Páid McGee was an Irish psychologist and educator.

==Career==
McGee was born in Aughnacliffe, County Longford. He initially trained as a teacher at St Patrick's College, Dublin. He then completed a BA, HDip in Ed., and M Psych degree at University College Dublin. He returned to St Patrick's College, Dublin, where he was director of the special education department from 1967 to 2003 and where he established the Diploma in Special Education. In 1961, he helped to establish the Teachers’ Study Group which conducted the first survey of reading comprehension in Dublin primary schools.

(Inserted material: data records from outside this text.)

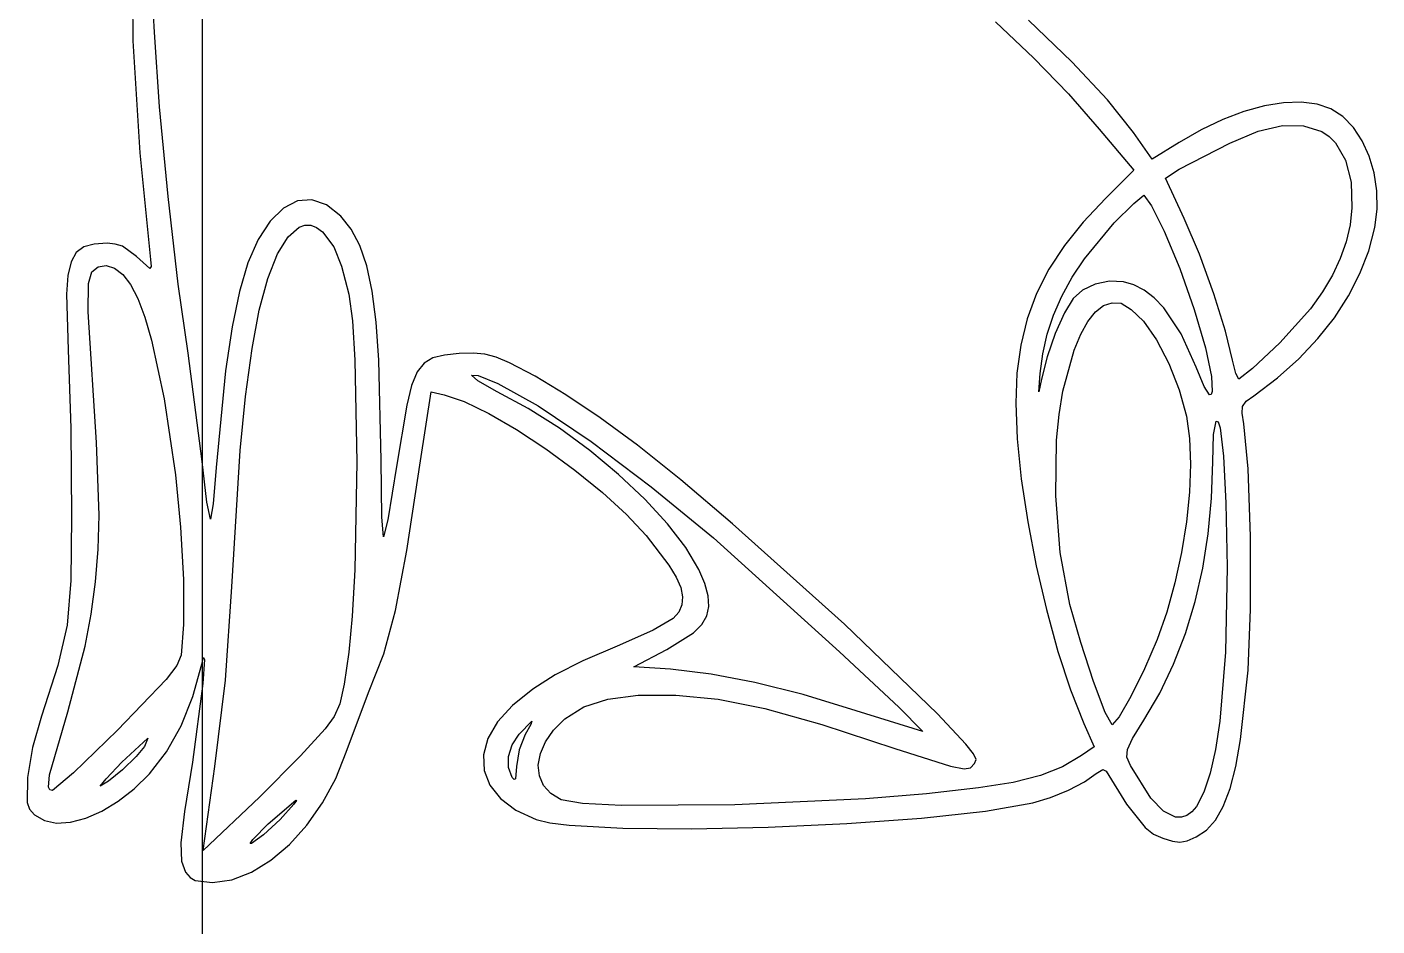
# Model space of a CAD drawing. Extents: x -39 to 235, y 1 to 395.
# Drawn here: x 28.8 to 151.1, y 138.2 to 219.6 of the extents above; entities that cross this region are included whole.
import ezdxf

# ---------------------------------------------------------------- set-up
doc = ezdxf.new("R2010")
doc.units = 0

msp = doc.modelspace()

# ---------------------------------------------------------------- linework, layer by layer
at = {"layer": 'Layer 1'}
for p, q in [((44.6336, 356.5), (44.6336, 39.4004)), ((38.264178, 227.437679), (38.332358, 218.393258)), ((40.297099, 219.156984), (39.979751, 225.345274)), ((123.418804, 216.476759), (119.472248, 220.264487)), ((40.768779, 212.415837), (40.297099, 219.156984)), ((116.496582, 220.112546), (119.966337, 216.814567)), ((38.332358, 218.393258), (38.988128, 208.248046)), ((119.966337, 216.814567), (123.101398, 213.573303)), ((126.645747, 213.034893), (123.418804, 216.476759)), ((123.101398, 213.573303), (125.901767, 210.390147)), ((128.995951, 210.07277), (126.645747, 213.034893)), ((144.194603, 212.825381), (142.590429, 212.771999)), ((145.636072, 212.641682), (144.194603, 212.825381)), ((41.541693, 204.291233), (40.768779, 212.415837)), ((139.007397, 211.978166), (137.08525, 211.249801)), ((140.851909, 212.48758), (139.007397, 211.978166)), ((142.590429, 212.771999), (140.851909, 212.48758)), ((146.886481, 212.21486), (145.636072, 212.641682)), ((147.969695, 211.512127), (146.886481, 212.21486)), ((125.901767, 210.390147), (129.035577, 206.661307)), ((137.08525, 211.249801), (135.113826, 210.308528)), ((140.290875, 210.185527), (142.498055, 210.707416)), ((142.498055, 210.707416), (144.400285, 210.69378)), ((144.400285, 210.69378), (146.05335, 210.152057)), ((148.917632, 210.535126), (147.969695, 211.512127)), ((149.714024, 209.329413), (148.917632, 210.535126)), ((130.701701, 207.65299), (128.995951, 210.07277)), ((133.121481, 209.16039), (130.701701, 207.65299)), ((135.113826, 210.308528), (133.121481, 209.16039)), ((137.72296, 209.120677), (140.290875, 210.185527)), ((146.053347, 210.152057), (146.714386, 209.715549)), ((146.05335, 210.152057), (146.053347, 210.152057)), ((146.714386, 209.715549), (147.295467, 209.129354)), ((150.342599, 207.940546), (149.714024, 209.329413)), ((38.988128, 208.248046), (39.940172, 198.568936)), ((133.12141, 206.740567), (137.72296, 209.120677)), ((147.295467, 209.129354), (148.195447, 207.563688)), ((150.787088, 206.414081), (150.342599, 207.940546)), ((131.89169, 205.947197), (133.12141, 206.740567)), ((148.195447, 207.563688), (148.708659, 205.566627)), ((129.035577, 206.661307), (126.457127, 204.082857)), ((133.59744, 202.297697), (131.89169, 205.947197)), ((148.708659, 205.566627), (148.790477, 203.249737)), ((151.03122, 204.795574), (150.787088, 206.414081)), ((42.455928, 196.330254), (41.541693, 204.291233)), ((129.030564, 203.65643), (129.947901, 204.400216)), ((129.947901, 204.400216), (130.622265, 203.443215)), ((151.058724, 203.130581), (151.03122, 204.795574)), ((51.984422, 203.220132), (50.789641, 202.050687)), ((53.255441, 203.872648), (51.984422, 203.220132)), ((54.569693, 203.98499), (53.255441, 203.872648)), ((55.894171, 203.533917), (54.569693, 203.98499)), ((57.195871, 202.496184), (55.894171, 203.533917)), ((126.457127, 204.082857), (124.444881, 201.954319)), ((127.250441, 201.901096), (129.030564, 203.65643)), ((130.622265, 203.443215), (131.772651, 201.147396)), ((148.790477, 203.249737), (148.614991, 201.699722)), ((150.853331, 201.46466), (151.058724, 203.130581)), ((50.789641, 202.050687), (49.704104, 200.387555)), ((58.135285, 201.309206), (57.195871, 202.496184)), ((124.444881, 201.954319), (122.743165, 199.832757)), ((124.546163, 198.630905), (127.250441, 201.901096)), ((134.965387, 199.039918), (133.59744, 202.297697)), ((51.448412, 199.072732), (52.40588, 200.636621)), ((52.40588, 200.636621), (53.419131, 201.51065)), ((53.419131, 201.51065), (53.939412, 201.680395)), ((53.939412, 201.680395), (54.464923, 201.66739)), ((54.464923, 201.66739), (54.992758, 201.468205)), ((54.992758, 201.468205), (55.520013, 201.079412)), ((55.520013, 201.079412), (56.561157, 199.719287)), ((58.909673, 199.835876), (58.135285, 201.309206)), ((131.772651, 201.147396), (131.772647, 201.147307)), ((131.772647, 201.147307), (133.183978, 197.76743)), ((148.614991, 201.699722), (148.26425, 200.16923)), ((150.308046, 199.363704), (150.853331, 201.46466)), ((33.904981, 199.707552), (33.218917, 199.193643)), ((34.828127, 199.965784), (33.904981, 199.707552)), ((36.012992, 200.036676), (34.828127, 199.965784)), ((36.751818, 199.973454), (36.012992, 200.036676)), ((37.40139, 199.768911), (36.751818, 199.973454)), ((38.670782, 198.846616), (37.40139, 199.768911)), ((49.704104, 200.387555), (48.760815, 198.25398)), ((56.561157, 199.719287), (56.561147, 199.719237)), ((56.561147, 199.719237), (57.250387, 197.978782)), ((59.532514, 197.994379), (58.909673, 199.835876)), ((122.743165, 199.832757), (121.338962, 197.687951)), ((148.26425, 200.16923), (147.734072, 198.651755)), ((149.510804, 197.293892), (150.308046, 199.363704)), ((32.745297, 198.355723), (32.459482, 197.125457)), ((33.218917, 199.193643), (32.745297, 198.355723)), ((39.885628, 197.740853), (38.670782, 198.846616)), ((39.940172, 198.568936), (40.004014, 197.92618)), ((48.760815, 198.25398), (47.992781, 195.673204)), ((50.569972, 196.846412), (51.448412, 199.072732)), ((123.445284, 196.955834), (124.546163, 198.630905)), ((136.270111, 195.454877), (134.965387, 199.039918)), ((147.734072, 198.651755), (147.020272, 197.140787)), ((32.459482, 197.125457), (32.336835, 195.434509)), ((34.330069, 196.385207), (34.624484, 197.458087)), ((34.624484, 197.458087), (35.209594, 197.911796)), ((35.209594, 197.911796), (35.91371, 198.023363)), ((35.91371, 198.023363), (36.677327, 197.79279)), ((36.677327, 197.79279), (37.440944, 197.220076)), ((37.440944, 197.220076), (37.440947, 197.220117)), ((37.440947, 197.220117), (38.138478, 196.314172)), ((40.004014, 197.92618), (39.885628, 197.740853)), ((57.250387, 197.978782), (57.909877, 195.435037)), ((60.017291, 195.702896), (59.532514, 197.994379)), ((121.338962, 197.687951), (120.219257, 195.489685)), ((122.515011, 195.256592), (123.445284, 196.955834)), ((133.183978, 197.76743), (134.494898, 194.041699)), ((147.020272, 197.140787), (146.118666, 195.629819)), ((148.469971, 195.267778), (149.510804, 197.293892)), ((34.29226, 193.813574), (34.330069, 196.385207)), ((38.138478, 196.314172), (38.803933, 195.022853)), ((43.351569, 190.079984), (42.455928, 196.330254)), ((49.793803, 193.985091), (50.569972, 196.846412)), ((60.377484, 192.879613), (60.017291, 195.702896)), ((124.390587, 195.803882), (123.521597, 195.038405)), ((125.534776, 196.342504), (124.390587, 195.803882)), ((126.812845, 196.605928), (125.534776, 196.342504)), ((128.083477, 196.545805), (126.812845, 196.605928)), ((129.040014, 196.271997), (128.083477, 196.545805)), ((129.971448, 195.783423), (129.040014, 196.271997)), ((130.871272, 195.088449), (129.971448, 195.783423)), ((32.336835, 195.434509), (32.482492, 190.397226)), ((38.803933, 195.022853), (39.438706, 193.343836)), ((47.992781, 195.673204), (47.346309, 192.478646)), ((57.909877, 195.435037), (58.233656, 193.027111)), ((120.219257, 195.489685), (119.371033, 193.20774)), ((121.757668, 193.535038), (122.515011, 195.256592)), ((123.521597, 195.038405), (122.740623, 193.725007)), ((126.290962, 194.393777), (127.069457, 194.653172)), ((127.069457, 194.653172), (127.885141, 194.602037)), ((127.885141, 194.602037), (128.777682, 194.026844)), ((131.732977, 194.195442), (130.871272, 195.088449)), ((137.329383, 192.078096), (136.270111, 195.454877)), ((146.118666, 195.629819), (145.025071, 194.112344)), ((147.193916, 193.297911), (148.469971, 195.267778)), ((35.060838, 181.987387), (34.29226, 193.813574)), ((39.438706, 193.343836), (40.044193, 191.274797)), ((49.143147, 190.516197), (49.793803, 193.985091)), ((121.175579, 191.793031), (121.757668, 193.535038)), ((122.740623, 193.725007), (121.915023, 191.85005)), ((124.860419, 192.965709), (125.553377, 193.82943)), ((125.553377, 193.82943), (126.290962, 194.393777)), ((128.777682, 194.026844), (129.908231, 192.975627)), ((133.315998, 191.848803), (131.732977, 194.195442)), ((134.494898, 194.041699), (135.515743, 190.576298)), ((145.025071, 194.112344), (142.245177, 191.031837)), ((145.691007, 191.396845), (147.193916, 193.297911)), ((47.346309, 192.478646), (46.748183, 188.473366)), ((58.233656, 193.027111), (58.462137, 189.455625)), ((60.626574, 189.442711), (60.377484, 192.879613)), ((119.371033, 193.20774), (118.781275, 190.811899)), ((124.215806, 191.808194), (124.860419, 192.965709)), ((129.908231, 192.975627), (129.908247, 192.975587)), ((129.908247, 192.975587), (131.095823, 191.295875)), ((137.96098, 189.445097), (137.329383, 192.078096)), ((40.044193, 191.274797), (41.172886, 185.957351)), ((118.781275, 190.811899), (118.436965, 188.271944)), ((120.771069, 190.032431), (121.175579, 191.793031)), ((121.915023, 191.85005), (121.178677, 189.744521)), ((123.623259, 190.362463), (124.215806, 191.808194)), ((131.095823, 191.295875), (132.209021, 189.147578)), ((134.668447, 188.810445), (133.315998, 191.848803)), ((142.245177, 191.031837), (139.775812, 188.701311)), ((143.969611, 189.57713), (145.691007, 191.396845)), ((32.482492, 190.397226), (32.730421, 183.296551)), ((44.620959, 180.281864), (43.351569, 190.079984)), ((48.545641, 186.150832), (49.143147, 190.516197)), ((65.530599, 189.662786), (64.727389, 189.190249)), ((66.57089, 189.911257), (65.530599, 189.662786)), ((67.906371, 190.040257), (66.57089, 189.911257)), ((69.171426, 190.077446), (67.906371, 190.040257)), ((70.23194, 189.980754), (69.171426, 190.077446)), ((71.270139, 189.705554), (70.23194, 189.980754)), ((72.468251, 189.207219), (71.270139, 189.705554)), ((120.546461, 188.255096), (120.771069, 190.032431)), ((121.178677, 189.744521), (120.665467, 187.739405)), ((122.609231, 186.628667), (123.623259, 190.362463)), ((135.515743, 190.576298), (136.056847, 187.977407)), ((142.038096, 187.851317), (143.969611, 189.57713)), ((46.748183, 188.473366), (45.890351, 179.726504)), ((58.462137, 189.455625), (58.638786, 180.207282)), ((60.845371, 180.400784), (60.626574, 189.442711)), ((64.103152, 188.389052), (63.59978, 187.154599)), ((64.727389, 189.190249), (64.103152, 188.389052)), ((74.802491, 187.997331), (72.468251, 189.207219)), ((132.209021, 189.147578), (133.143709, 186.761271)), ((135.398597, 187.051395), (134.668447, 188.810445)), ((138.258494, 188.235204), (137.96098, 189.445097)), ((139.775812, 188.701311), (138.556007, 187.739347)), ((63.59978, 187.154599), (63.159165, 185.382296)), ((69.584322, 187.565745), (69.012228, 188.096312)), ((69.012228, 188.096312), (69.622751, 188.061603)), ((71.357627, 186.588908), (69.584322, 187.565745)), ((69.622751, 188.061603), (71.397296, 187.34261)), ((71.397247, 187.342657), (75.077742, 185.29973)), ((71.397296, 187.34261), (71.397247, 187.342657)), ((77.575566, 186.311419), (74.802491, 187.997331)), ((118.436965, 188.271944), (118.325087, 185.557657)), ((120.41258, 186.569183), (120.546461, 188.255096)), ((120.665467, 187.739405), (120.41258, 186.569183)), ((136.056847, 187.977407), (136.129986, 186.612564)), ((138.556007, 187.739347), (138.258494, 188.235204)), ((139.904831, 186.23196), (142.038096, 187.851317)), ((41.172886, 185.957351), (42.201167, 179.051917)), ((48.052264, 181.268516), (48.545641, 186.150832)), ((64.415621, 180.321322), (65.367665, 186.588942)), ((65.367665, 186.588942), (66.557725, 186.311263)), ((66.557725, 186.311263), (68.363649, 185.708798)), ((74.162457, 185.078474), (71.357627, 186.588908)), ((80.690783, 184.208987), (77.575566, 186.311419)), ((122.257407, 184.521328), (122.609231, 186.628667)), ((133.143709, 186.761271), (133.795757, 184.367527)), ((135.898173, 186.31133), (135.398597, 187.051395)), ((136.049874, 186.330391), (135.898173, 186.31133)), ((136.129986, 186.612564), (136.049874, 186.330391)), ((139.215591, 185.723708), (139.904831, 186.23196)), ((63.159165, 185.382296), (62.233771, 179.805757)), ((68.363649, 185.708798), (70.59214, 184.622872)), ((76.986816, 183.274716), (74.162457, 185.078474)), ((75.077742, 185.29973), (79.866478, 182.066746)), ((118.325087, 185.557657), (118.455947, 182.313596)), ((138.833781, 184.647703), (138.883367, 185.260084)), ((138.883367, 185.260084), (139.215591, 185.723708)), ((70.59214, 184.622872), (73.100481, 183.153897)), ((84.051451, 181.749539), (80.690783, 184.208987)), ((122.03342, 182.198767), (122.257407, 184.521328)), ((133.795757, 184.367527), (134.080177, 182.346293)), ((136.260183, 182.726189), (136.493235, 183.931118)), ((136.493235, 183.931118), (136.680653, 183.875954)), ((136.680653, 183.875954), (136.85459, 183.311297)), ((138.992455, 183.69318), (138.833781, 184.647703)), ((139.383562, 179.589947), (138.992455, 183.69318)), ((32.730421, 183.296551), (32.79984, 175.243826)), ((73.100481, 183.153897), (75.745958, 181.402284)), ((79.746099, 181.252476), (76.986816, 183.274716)), ((118.455947, 182.313596), (118.829001, 178.683234)), ((134.080177, 182.346293), (134.167029, 180.023825)), ((136.175887, 180.241948), (136.260183, 182.726189)), ((136.85459, 183.311297), (137.152724, 180.757634)), ((35.293273, 175.403052), (35.060838, 181.987387)), ((47.318397, 168.896897), (48.052264, 181.268516)), ((75.745958, 181.402284), (78.385855, 179.468443)), ((82.355698, 179.086595), (79.746099, 181.252476)), ((79.866478, 182.066746), (85.309749, 177.970967)), ((87.978868, 178.618812), (84.051451, 181.749539)), ((121.959663, 177.162717), (122.03342, 182.198767)), ((45.042436, 176.577819), (44.620959, 180.281864)), ((58.638786, 180.207282), (58.45098, 170.460616)), ((60.889379, 175.237059), (60.845371, 180.400784)), ((62.233771, 179.805757), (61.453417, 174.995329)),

He was a founding member of the Psychological Society of Ireland (PSI) of which he became president in 1975. He was joint author with Paul Andrews of the PSI policy document A Psychological Service for Schools (1975) and campaigned for many years for the establishment of a school psychological service. Eventually the National Educational Psychological Service (NEPS) was established as an agency of the Department of Education and Skills. He was also joint editor of the Irish Journal of Psychology.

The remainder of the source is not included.